To state the obvious: a canoe holds more gear than a kayak, and with a canoe, you can just toss your gear inside (which doesn’t work for a kayak). With a sit-inside kayak, gear gets stored inside the boat, and in some boats, it has to fit through the hatch opening. Sit on top kayaks for fishing have specified holders for your gear, which means you can’t just throw it on top. But then, you may ask, what if I just want to carry enough gear for a day of fishing? You also have to look at the ease of getting your gear. In a canoe, I can reach just about anywhere in the boat and grab what I need. In a sit on the top kayak I can rig it so that most of what I’ll need is within reach.
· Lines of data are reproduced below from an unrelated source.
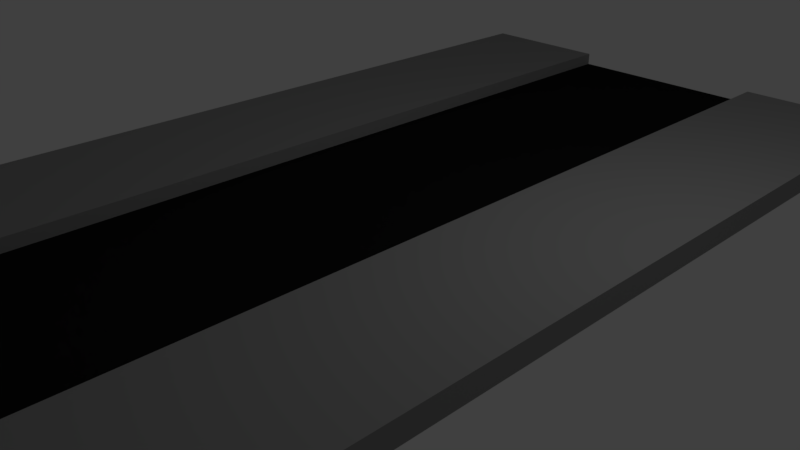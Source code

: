 # Source: calle.blend  (saved by Blender 2.79.0; exported with 4.5.12 LTS)
import bpy
from mathutils import Matrix  # noqa: F401  (used for matrix-valued properties, if any)

bpy.ops.wm.read_factory_settings(use_empty=True)
scene = bpy.context.scene
scene.name = 'Scene'

# ---- collections
col_collection_1 = bpy.data.collections.new('Collection 1'); scene.collection.children.link(col_collection_1)

# ---- materials (node trees are filled in below, after node groups)
mat_aceras = bpy.data.materials.new('Aceras')
mat_aceras.alpha_threshold = 0.0
mat_aceras.use_transparent_shadow = False
mat_aceras.diffuse_color = (0.281, 0.281, 0.281, 1.0)
mat_aceras.roughness = 0.5
mat_calle = bpy.data.materials.new('Calle')
mat_calle.alpha_threshold = 0.0
mat_calle.use_transparent_shadow = False
mat_calle.diffuse_color = (0.01002, 0.01002, 0.01002, 1.0)
mat_calle.roughness = 0.5
mat_calle.line_color = (0.0, 0.0, 0.0, 1.0)

# ---- material node trees

# ---- world
world_world = bpy.data.worlds.new('World'); scene.world = world_world
world_world.color = (0.05088, 0.05088, 0.05088)
world_world.use_sun_shadow = False
world_world.sun_shadow_jitter_overblur = 0.0
world_world.cycles.sampling_method = 'MANUAL'

# ---- cameras
cam_camera = bpy.data.cameras.new('Camera')
cam_camera.clip_end = 100.0
cam_camera.lens = 35.0
cam_camera.sensor_width = 32.0
cam_camera.sensor_height = 18.0
cam_camera.ortho_scale = 7.314
cam_camera.dof.focus_distance = 0.0
cam_camera.dof.aperture_fstop = 128.0

# ---- lights
light_lamp = bpy.data.lights.new('Lamp', 'POINT')
light_lamp.transmission_factor = 0.0
light_lamp.cutoff_distance = 30.0
light_lamp.energy = 100.0
light_lamp.shadow_buffer_clip_start = 1.001
light_lamp.shadow_soft_size = 0.1
light_lamp.shadow_maximum_resolution = 0.006
light_lamp.use_absolute_resolution = True

# ---- meshes
me_cubo_001 = bpy.data.meshes.new('Cubo.001')
me_cubo_001.from_pydata([(-1.0, -6.47, -0.2515), (-1.0, -6.47, 0.03578), (-1.0, 6.47, -0.2515), (-1.0, 6.47, 0.03578), (1.0, -6.47, -0.2515), (1.0, -6.47, 0.03578), (1.0, 6.47, -0.2515), (1.0, 6.47, 0.03578)], [], [(0, 1, 3, 2), (2, 3, 7, 6), (6, 7, 5, 4), (4, 5, 1, 0), (7, 3, 1, 5)])
_uv = me_cubo_001.uv_layers.new(name='UVMap')
_uv.uv.foreach_set('vector', [0.9409, 1.0, 0.8818, 1.0, 0.8818, 0.0, 0.9409, 0.0, 1.0, 0.3091, 0.9409, 0.3091, 0.9409, 0.1546, 1.0, 0.1546, 0.8818, 1.0, 0.8227, 1.0, 0.8227, 0.0, 0.8818, 0.0, 0.9409, 9.212e-09, 1.0, 0.0, 1.0, 0.1546, 0.9409, 0.1546, 0.0, 9.212e-09, 0.4114, 0.0, 0.4114, 1.0, 2.207e-07, 1.0])
me_cubo_001.materials.append(mat_aceras)
me_cubo_001.use_remesh_preserve_volume = False
me_cubo_001.use_remesh_preserve_attributes = False
me_cubo_001.use_mirror_vertex_groups = False
me_cubo_001.update()
me_cubo = bpy.data.meshes.new('Cubo')
me_cubo.from_pydata([(-1.0, -6.47, -0.2515), (-1.0, -6.47, 0.03578), (-1.0, 6.47, -0.2515), (-1.0, 6.47, 0.03578), (1.0, -6.47, -0.2515), (1.0, -6.47, 0.03578), (1.0, 6.47, -0.2515), (1.0, 6.47, 0.03578)], [], [(0, 1, 3, 2), (2, 3, 7, 6), (6, 7, 5, 4), (4, 5, 1, 0), (7, 3, 1, 5)])
me_cubo.materials.append(mat_aceras)
me_cubo.use_remesh_preserve_volume = False
me_cubo.use_remesh_preserve_attributes = False
me_cubo.use_mirror_vertex_groups = False
me_cubo.update()
me_cube = bpy.data.meshes.new('Cube')
me_cube.from_pydata([(1.369, 6.294, -1.0), (1.369, -6.643, -1.0), (-1.0, -6.643, -1.0), (-1.0, 6.294, -1.0), (1.369, 6.294, 1.0), (1.369, -6.643, 1.0), (-1.0, -6.643, 1.0), (-1.0, 6.294, 1.0)], [], [(4, 7, 6, 5), (1, 5, 6, 2), (4, 0, 3, 7)])
_uv = me_cube.uv_layers.new(name='UVMap')
_uv.uv.foreach_set('vector', [0.0, 3.686e-08, 1.0, 0.0, 1.0, 1.0, 9.058e-07, 1.0, 0.0, 0.0, 1.0, 0.0, 1.0, 1.0, 0.0, 1.0, 0.0, 0.0, 1.0, 0.0, 1.0, 1.0, 0.0, 1.0])
me_cube.materials.append(mat_calle)
me_cube.use_remesh_preserve_volume = False
me_cube.use_remesh_preserve_attributes = False
me_cube.use_mirror_vertex_groups = False
me_cube.update()

# ---- objects
ob_cubo_001 = bpy.data.objects.new('Cubo.001', me_cubo_001)
ob_cubo = bpy.data.objects.new('Cubo', me_cubo)
ob_cube = bpy.data.objects.new('Cube', me_cube)
ob_lamp = bpy.data.objects.new('Lamp', light_lamp)
ob_camera = bpy.data.objects.new('Camera', cam_camera)

# ---- transforms, parenting, visibility, modifiers, constraints
ob_cubo_001.location = (-2.239, -0.1748, 1.142)
ob_cubo_001.lineart.crease_threshold = 0.0
ob_cubo.location = (2.706, -0.1748, 1.142)
ob_cubo.lineart.crease_threshold = 0.0
ob_cube.location = (0.0, 0.0, 0.0)
ob_cube.scale = (1.408, 1.0, 1.0)
ob_cube.lock_rotations_4d = False
ob_cube.empty_display_type = 'ARROWS'
ob_cube.lineart.crease_threshold = 0.0
ob_lamp.location = (4.076, 1.005, 5.904)
ob_lamp.rotation_euler = (0.6503, 0.05522, 1.866)
ob_lamp.lock_rotations_4d = False
ob_lamp.empty_display_type = 'ARROWS'
ob_lamp.color = (0.0, 0.0, 0.0, 0.0)
ob_lamp.lineart.crease_threshold = 0.0
ob_camera.location = (7.481, -6.508, 5.344)
ob_camera.rotation_euler = (1.109, 0.0, 0.8149)
ob_camera.lock_rotations_4d = False
ob_camera.empty_display_type = 'ARROWS'
ob_camera.color = (0.0, 0.0, 0.0, 0.0)
ob_camera.display_type = 'WIRE'
ob_camera.lineart.crease_threshold = 0.0

# ---- collection membership
col_collection_1.objects.link(ob_cubo_001)
col_collection_1.objects.link(ob_cubo)
col_collection_1.objects.link(ob_cube)
col_collection_1.objects.link(ob_lamp)
col_collection_1.objects.link(ob_camera)

# ---- scene / render settings (as saved in the file)
scene.camera = ob_camera
scene.frame_start = 1; scene.frame_end = 250; scene.frame_set(1)
scene.render.engine = 'BLENDER_EEVEE_NEXT'
scene.render.resolution_percentage = 50
scene.render.dither_intensity = 0.0
scene.cycles.use_denoising = False
scene.cycles.samples = 128
scene.cycles.sampling_pattern = 'TABULATED_SOBOL'
scene.cycles.use_adaptive_sampling = False
scene.cycles.use_light_tree = False
scene.cycles.blur_glossy = 0.0
scene.cycles.sample_clamp_indirect = 0.0
scene.view_settings.view_transform = 'Standard'
bpy.context.view_layer.update()

But with a sit-inside kayak, you’re going to have limited or no access to access to your gear, especially if it’s closed off under your hatches.

Carrying Ease:

If you’re carrying the boat from your car to the water, this is often not that big an issue. However, if you’re carrying your craft for any distance, it is. You can purchase wheels for both canoes and kayaks that strap to the boat, so you can roll it along a trail or road. But if the trail you use to get to your favorite spot is full of rocks, bumps, and holes, wheels won’t work, and you will have to carry your boat in. Canoes have been portaged for hundreds of years in wilderness areas with the aid of a neck thwart. You just put the canoe over your head and rest the thwart on your shoulders and away you go. Removable neck thwarts can also be purchased for sit-inside kayaks, but remember that the kayak deck and possible narrow-ness of the kayak may make it more difficult to carry and balance. Sit on top kayaks are ordinarily designed to be carried by two people (one at each end), and they can not be carried over your head for any distance.

Weight:

I’m constantly hearing that kayaks are lighter than canoes. When I ask folks what kind of canoe they have paddled in the past, most of them say some kind of old heavy aluminum canoe. Nowadays, there are many new materials (plastic, Royalex, Kevlar, etc.) on the market for both canoes and kayaks, and many canoes have become lighter than kayaks. The material will greatly affect weight, durability, and price.

Stability:

As a general rule, neither canoes nor kayaks are implicitly more stable. A lot of folks say kayaks are more stable because sitting on the floor gives you a low center of gravity. But who says that you can’t sit or kneel on the floor of a canoe, as it was done for centuries before? Generally speaking, for any craft, longer and skinnier means faster and less stable, while shorter and wider means slower but more stable.


Solo canoes, tandem canoes, touring kayaks, recreational kayaks, sit inside kayaks, sit on top kayaks, plastic, fiberglass, Royalex, Kevlar – there are so many options available now that just weren’t around ten years ago. This means deciding which boat you’re going to purchase can become tricky and confusing. Here are some pointers that might make the process a little less confusing.


1. You will need to figure out what your individual needs are based on your primary use for the boat. If you want a boat primarily for expedition trips (paddling camping trips) that you might occasionally use for fishing, your needs are going to be much different from someone who wants a boat just for fishing. Different uses will translate into different boats or boat types.

2. Next, give yourself enough time to research all of the different boats and materials that are now available and get an idea about their prices. There are various ways you can do this: several paddling magazines publish buyers’ guides every year, and a lot of information can also be found on the internet (online forums and online reviews are two of the best ways to get information from folks who have the same interests as you).

3. Once you have an idea of what you want and a price range, get out and test paddle as many boats as possible. If you’re not an experienced paddler, it will be difficult for you to tell what boat “paddles better.” But you will be able to tell what boats are comfortable to sit in, easier for you to get in and out of, and what boats you can lift by yourself. When testing paddling, ask for feedback from the salesperson and ask them what they fish out of and why.
Gather as much information as you can before making your purchase. Do your homework! There are a lot of used boats for sale because someone didn’t do theirs.